Streamlining Law Degree Programs for Better Efficiency and Outcomes
As law school applications continue to fall, law schools are finding it more and more difficult to secure their student rosters. As a result, they’re trying desperately to reconfigure their programs and come up with new ways to encourage high school and college students to choose law as a profession.
The most current enticement dealt with shortening law programs in order to decrease tuition and promote a faster degree. Unfortunately, many schools had mixed results—some good, some bad—with two-year law degree programs.
However, even Tomas Edison succeeded in discovering 99 ways how not to make a light bulb before he succeeded. Some critics may argue that the disadvantages of a two-year program outweigh the good and call for an end to this experiment. But there’s another way: law schools can use the emerging evidence of what works (and what doesn’t) to refine and streamline their two-year degree programs.
Revamping, Revising, and Learning From Experience
It’s certainly arguable that a student who plans to go into criminal law won’t benefit much from a mandatory course on maritime and admiralty law. One of the main problems with two-year law programs is that the American Bar Association requires the same amount of credits to be completed, no matter the timeframe. Students are overwhelmed with irrelevant classes that fail to prepare them for the real world. They become “burned out” on impractical and useless workloads, instead of using that time and energy to acquire real-world experience.
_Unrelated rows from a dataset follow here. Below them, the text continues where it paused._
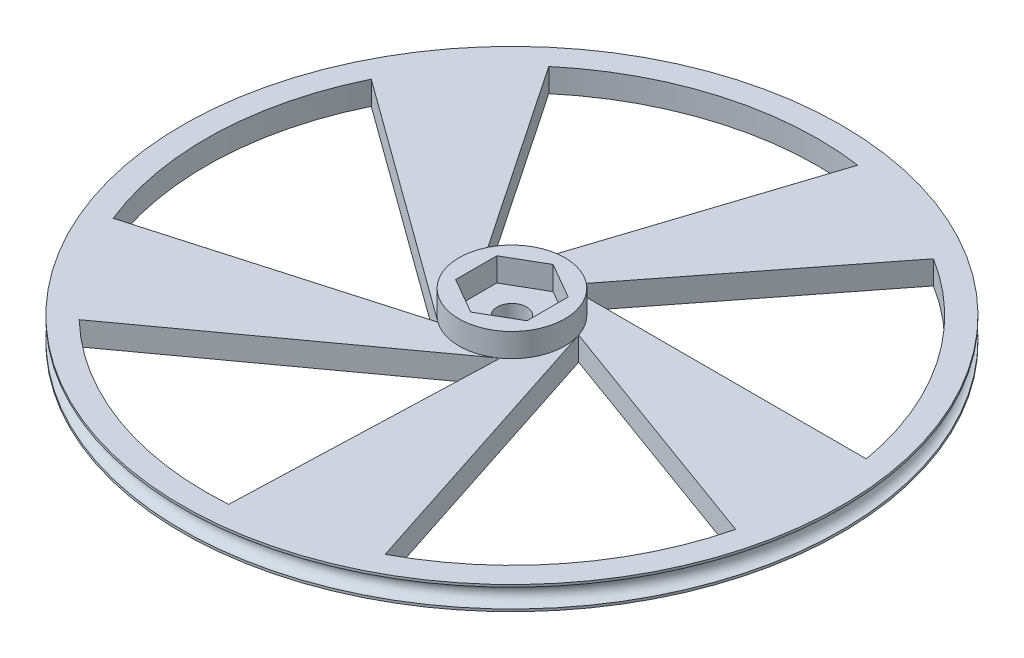
from build123d import *

# Parameters (mm, degrees)
CUT_EXTRUDE_1_DEPTH = 80.296910406
CUT_EXTRUDE_2_DEPTH = 4


with BuildPart() as part:
    # 草图1 → 旋转1 (revolve)
    with BuildSketch(Plane.XY):
        with BuildLine():
            Line((9, 8), (2.5, 8))
            Line((2.5, 8), (2.5, 0))
            Line((2.5, 0), (56, 0))
            Line((56, 0), (56, 0.4))
            ThreePointArc((56, 0.4), (54.4, 2), (56, 3.6))
            Line((56, 3.6), (56, 4))
            Line((56, 4), (9, 4))
            Line((9, 4), (9, 8))
        make_face()
    revolve(axis=Axis((0, 4, 0), (0, 1, 0)))

    # 草图2 → 切除-拉伸1 (cut, through all)
    with BuildSketch(Plane(origin=(0, 4, 0), x_dir=(1, 0, 0), z_dir=(0, 1, 0))):
        with BuildLine():
            Line((27.465795744, 44.154615434), (0, 9))
            Line((0, 9), (51.215232109, 9))
            ThreePointArc((51.215232109, 9), (43.0887199, 29.109486725), (27.465795744, 44.154615434))
        make_face()
        with BuildLine():
            Line((-8.559508647, 2.781152949), (7.266868446, 51.48973318))
            ThreePointArc((7.266868446, 51.48973318), (-14.369620321, 49.975133935), (-33.506137084, 39.766050567))
            Line((-33.506137084, 39.766050567), (-8.559508647, 2.781152949))
        make_face()
        with BuildLine():
            ThreePointArc((24.385885739, -45.927427282), (40.999913751, -31.984481744), (50.480932382, -12.476997468))
            Line((50.480932382, -12.476997468), (8.559508647, 2.781152949))
            Line((8.559508647, 2.781152949), (24.385885739, -45.927427282))
        make_face()
        with BuildLine():
            Line((-5.290067271, -7.281152949), (-46.724060418, 22.822405177))
            ThreePointArc((-46.724060418, 22.822405177), (-51.969633664, 1.776844639), (-48.173727294, -19.577844585))
            Line((-48.173727294, -19.577844585), (-5.290067271, -7.281152949))
        make_face()
        with BuildLine():
            ThreePointArc((-36.143925877, -37.384711076), (-17.749379666, -48.876983555), (3.733136252, -51.865823947))
            Line((3.733136252, -51.865823947), (5.290067271, -7.281152949))
            Line((5.290067271, -7.281152949), (-36.143925877, -37.384711076))
        make_face()
    extrude(amount=-CUT_EXTRUDE_1_DEPTH, mode=Mode.SUBTRACT)

    # 草图3 → 切除-拉伸2 (cut)
    with BuildSketch(Plane(origin=(0, 8, 0), x_dir=(1, 0, 0), z_dir=(0, 1, 0))):
        Polygon((0, 7), (-6.062177826, 3.5), (-6.062177826, -3.5), (0, -7), (6.062177826, -3.5), (6.062177826, 3.5), align=None)
    extrude(amount=-CUT_EXTRUDE_2_DEPTH, mode=Mode.SUBTRACT)


solid = part.part

It’s true that real-world law firms want lawyers with the critical-thinking skills they learn in law school, but they also want to know that those skills have been practically used. As such, law schools are beginning to revamp their law degree programs not only to condense studies, but also include to opportunities to acquire professional experience in lieu of unnecessary credits. These changes include the potential for the following:
- Third-year internship advancements. Rather than being forced to take miscellaneous courses to get the requisite graduation credits, students have the opportunity to participate in a school sponsored internship program in order to complete credit hours. Due to time constraints, this usually adds a year to the two-year program…but it’s a year of practical experience, not a year spent in the classroom and library.
- Practical education enticements. Some schools, such as the University of California’s Hastings College of the Law, have begun programs that lop off the last year of academic classes altogether. Instead, students gain hands-on experience by spending their final year in places like a district attorney’s office, where they learn tasks like taking depositions and filing legal motions.
- Workplace commitment incentives. Students commit to continue working for their internship apprentice for a year following their graduation. Once committed, they’ll receive an annual stipend from either the school or employer (approximately $35,000), as well as invaluable experience that can be put on a resume.